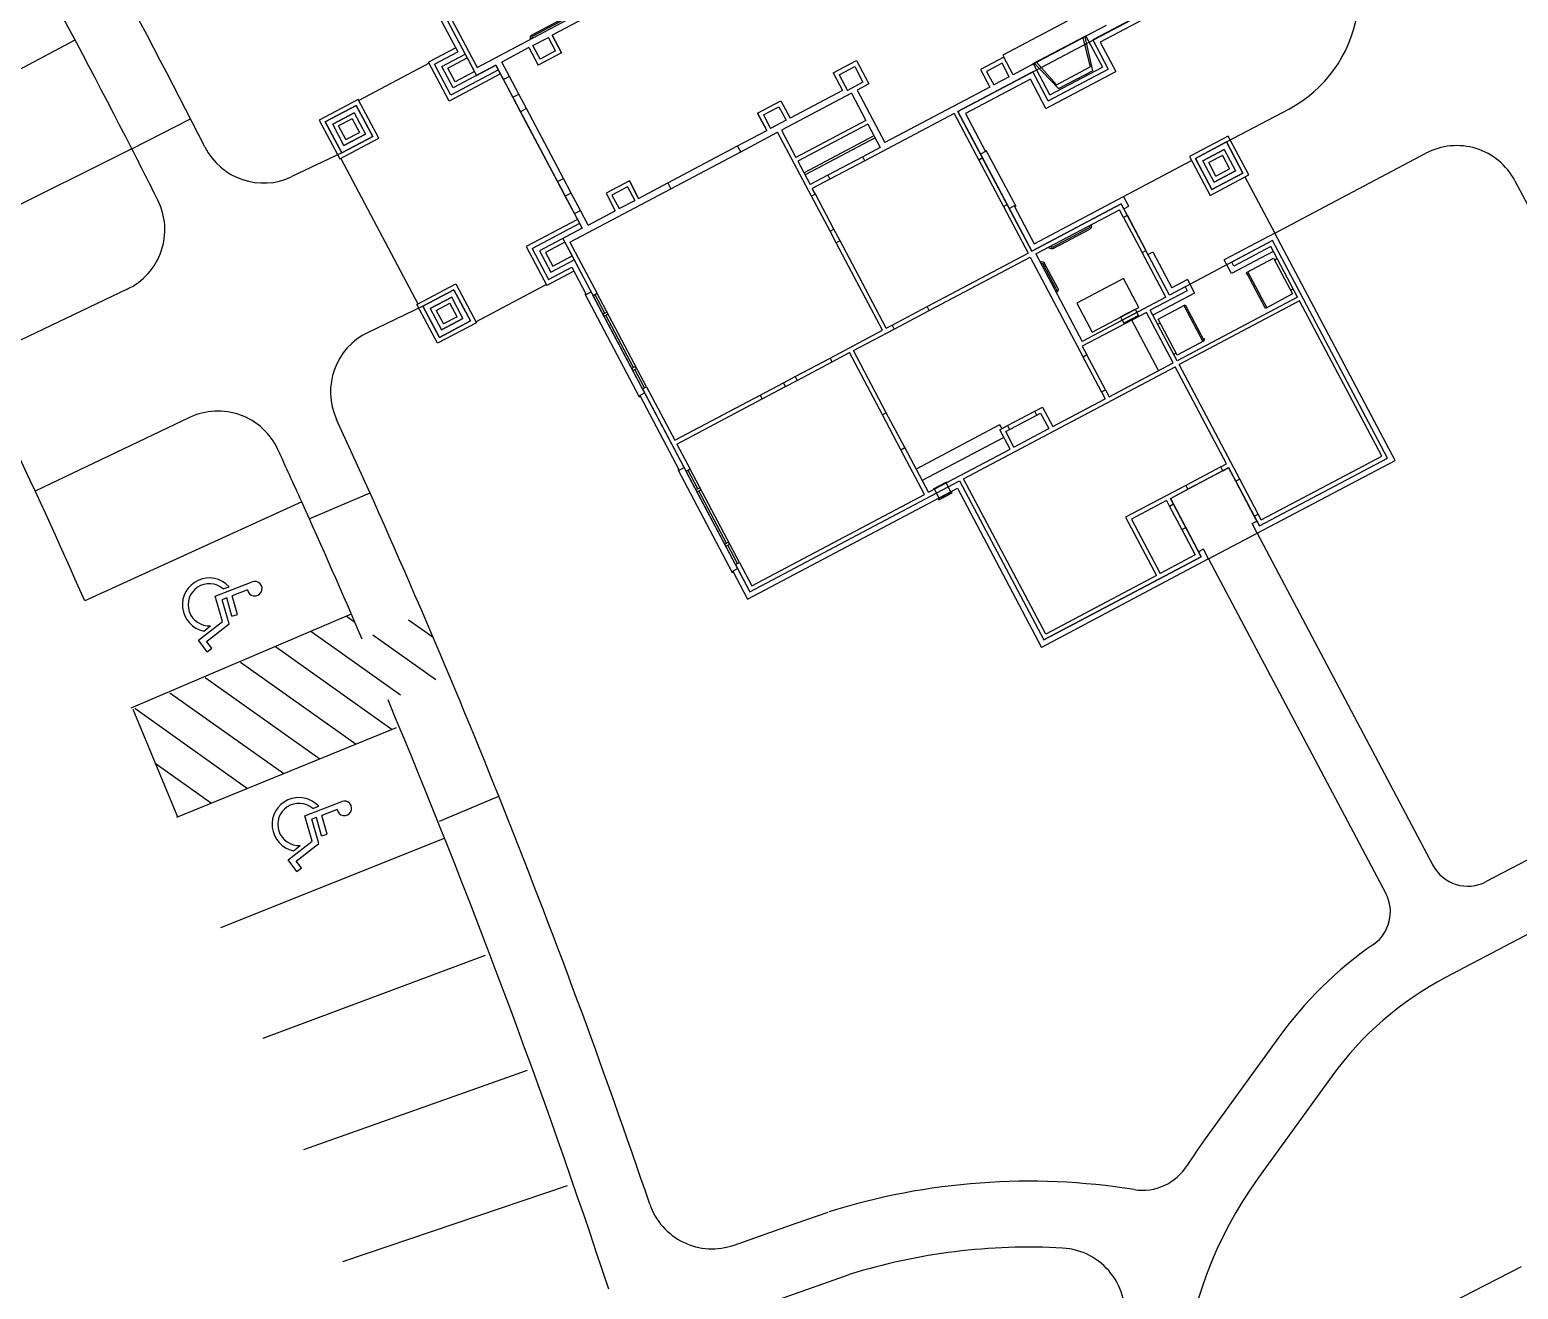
# Model space of a CAD drawing. Header units: feet. Extents: x 2327405 to 2393004, y 6977726 to 7089689.
# Drawn here: x 2342083.8 to 2342196.7, y 7039408.3 to 7039503.9 of the extents above; entities that cross this region are included whole.
import ezdxf

# ---------------------------------------------------------------- set-up
doc = ezdxf.new("R2010")
doc.units = ezdxf.units.FT
doc.header["$MEASUREMENT"] = 0
doc.layers.get('0').update_dxf_attribs({"linetype": 'CONTINUOUS'})
doc.layers.add('s-apts', color=252, linetype='CONTINUOUS')

# ---------------------------------------------------------------- blocks, each defined once
blk = doc.blocks.new('SITEXREF$0$HANDISYM')
at = {"color": 0}
for p, q in [((0.246, 0.423), (0.204, 0.904)), ((0.281, 0.823), (0.299, 0.623)), ((0.189, 0.543), (0.182, 0.619)), ((0.535, 0.623), (0.299, 0.623)), ((0.535, 0.553), (0.305, 0.553)), ((0.305, 0.553), (0.31, 0.493)), ((0.535, 0.553), (0.535, 0.623)), ((0.567, 0.423), (0.246, 0.423)), ((0.614, 0.493), (0.31, 0.493)), ((0.703, 0.079), (0.567, 0.423)), ((0.743, 0.17), (0.614, 0.493)), ((0.615, 0.174), (0.576, 0.271)), ((0.841, 0.209), (0.743, 0.17)), ((0.867, 0.143), (0.841, 0.209)), ((0.867, 0.143), (0.703, 0.079))]:
    blk.add_line(p, q, dxfattribs=at)
for centre, radius, start, end in [((0.292, 0.911), 0.0887, 263.0201, 184.9956), ((0.326, 0.326), 0.326, 116.1872, 332.1153), ((0.326, 0.326), 0.256, 122.4297, 347.4422)]:
    blk.add_arc(centre, radius, start, end, dxfattribs=at)
blk = doc.blocks.new('RECLEASE$0$GRAB2PC')
at = {"color": 0}
for p, q in [((0, 55.5), (0.5, 55.5)), ((0.75, 55.25), (0.75, 52.75)), ((0.75, 54.75), (1, 54.75)), ((0.5, 52.5), (0, 52.5)), ((1, 53.25), (0.75, 53.25)), ((1.5, 13.25), (1.5, 52.75)), ((3, 52.75), (3, 13.25)), ((0, 13.5), (0.5, 13.5)), ((0.5, 10.5), (0, 10.5)), ((0.75, 13.25), (0.75, 10.75)), ((0.75, 12.75), (1, 12.75)), ((1, 11.25), (0.75, 11.25)), ((4.5, 0), (4.5, 0.5)), ((4.75, 0.75), (7.25, 0.75)), ((5.25, 0.75), (5.25, 1)), ((6.75, 1), (6.75, 0.75)), ((7.25, 3), (40.75, 3)), ((40.75, 1.5), (7.25, 1.5)), ((7.5, 0.5), (7.5, 0)), ((40.5, 0), (40.5, 0.5)), ((40.75, 0.75), (43.25, 0.75)), ((41.25, 0.75), (41.25, 1)), ((42.75, 1), (42.75, 0.75)), ((43.5, 0.5), (43.5, 0))]:
    blk.add_line(p, q, dxfattribs=at)
for p, q in [((0.75, 55.25), (0.5, 55.5)), ((0.75, 52.75), (0.5, 52.5)), ((0.75, 13.25), (0.5, 13.5)), ((0.75, 10.75), (0.5, 10.5)), ((4.75, 0.75), (4.5, 0.5)), ((7.25, 0.75), (7.5, 0.5)), ((40.75, 0.75), (40.5, 0.5)), ((43.25, 0.75), (43.5, 0.5))]:
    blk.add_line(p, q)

Your goal - Reproduce each line above exactly, but not a single picture.

Solved problem -
# Model space of a CAD drawing. Header units: feet. Extents: x 2327405 to 2393004, y 6977726 to 7089689.
# Drawn here: x 2342083.8 to 2342196.7, y 7039408.3 to 7039503.9 of the extents above; entities that cross this region are included whole.
import ezdxf

# ---------------------------------------------------------------- set-up
doc = ezdxf.new("R2010")
doc.units = ezdxf.units.FT
doc.header["$MEASUREMENT"] = 0
doc.layers.get('0').update_dxf_attribs({"linetype": 'CONTINUOUS'})
doc.layers.add('s-apts', color=252, linetype='CONTINUOUS')

# ---------------------------------------------------------------- blocks, each defined once
blk = doc.blocks.new('SITEXREF$0$HANDISYM')
at = {"color": 0}
for p, q in [((0.246, 0.423), (0.204, 0.904)), ((0.281, 0.823), (0.299, 0.623)), ((0.189, 0.543), (0.182, 0.619)), ((0.535, 0.623), (0.299, 0.623)), ((0.535, 0.553), (0.305, 0.553)), ((0.305, 0.553), (0.31, 0.493)), ((0.535, 0.553), (0.535, 0.623)), ((0.567, 0.423), (0.246, 0.423)), ((0.614, 0.493), (0.31, 0.493)), ((0.703, 0.079), (0.567, 0.423)), ((0.743, 0.17), (0.614, 0.493)), ((0.615, 0.174), (0.576, 0.271)), ((0.841, 0.209), (0.743, 0.17)), ((0.867, 0.143), (0.841, 0.209)), ((0.867, 0.143), (0.703, 0.079))]:
    blk.add_line(p, q, dxfattribs=at)
for centre, radius, start, end in [((0.292, 0.911), 0.0887, 263.0201, 184.9956), ((0.326, 0.326), 0.326, 116.1872, 332.1153), ((0.326, 0.326), 0.256, 122.4297, 347.4422)]:
    blk.add_arc(centre, radius, start, end, dxfattribs=at)
blk = doc.blocks.new('RECLEASE$0$GRAB2PC')
at = {"color": 0}
for p, q in [((0, 55.5), (0.5, 55.5)), ((0.75, 55.25), (0.75, 52.75)), ((0.75, 54.75), (1, 54.75)), ((0.5, 52.5), (0, 52.5)), ((1, 53.25), (0.75, 53.25)), ((1.5, 13.25), (1.5, 52.75)), ((3, 52.75), (3, 13.25)), ((0, 13.5), (0.5, 13.5)), ((0.5, 10.5), (0, 10.5)), ((0.75, 13.25), (0.75, 10.75)), ((0.75, 12.75), (1, 12.75)), ((1, 11.25), (0.75, 11.25)), ((4.5, 0), (4.5, 0.5)), ((4.75, 0.75), (7.25, 0.75)), ((5.25, 0.75), (5.25, 1)), ((6.75, 1), (6.75, 0.75)), ((7.25, 3), (40.75, 3)), ((40.75, 1.5), (7.25, 1.5)), ((7.5, 0.5), (7.5, 0)), ((40.5, 0), (40.5, 0.5)), ((40.75, 0.75), (43.25, 0.75)), ((41.25, 0.75), (41.25, 1)), ((42.75, 1), (42.75, 0.75)), ((43.5, 0.5), (43.5, 0))]:
    blk.add_line(p, q, dxfattribs=at)
for p, q in [((0.75, 55.25), (0.5, 55.5)), ((0.75, 52.75), (0.5, 52.5)), ((0.75, 13.25), (0.5, 13.5)), ((0.75, 10.75), (0.5, 10.5)), ((4.75, 0.75), (4.5, 0.5)), ((7.25, 0.75), (7.5, 0.5)), ((40.75, 0.75), (40.5, 0.5)), ((43.25, 0.75), (43.5, 0.5))]:
    blk.add_line(p, q)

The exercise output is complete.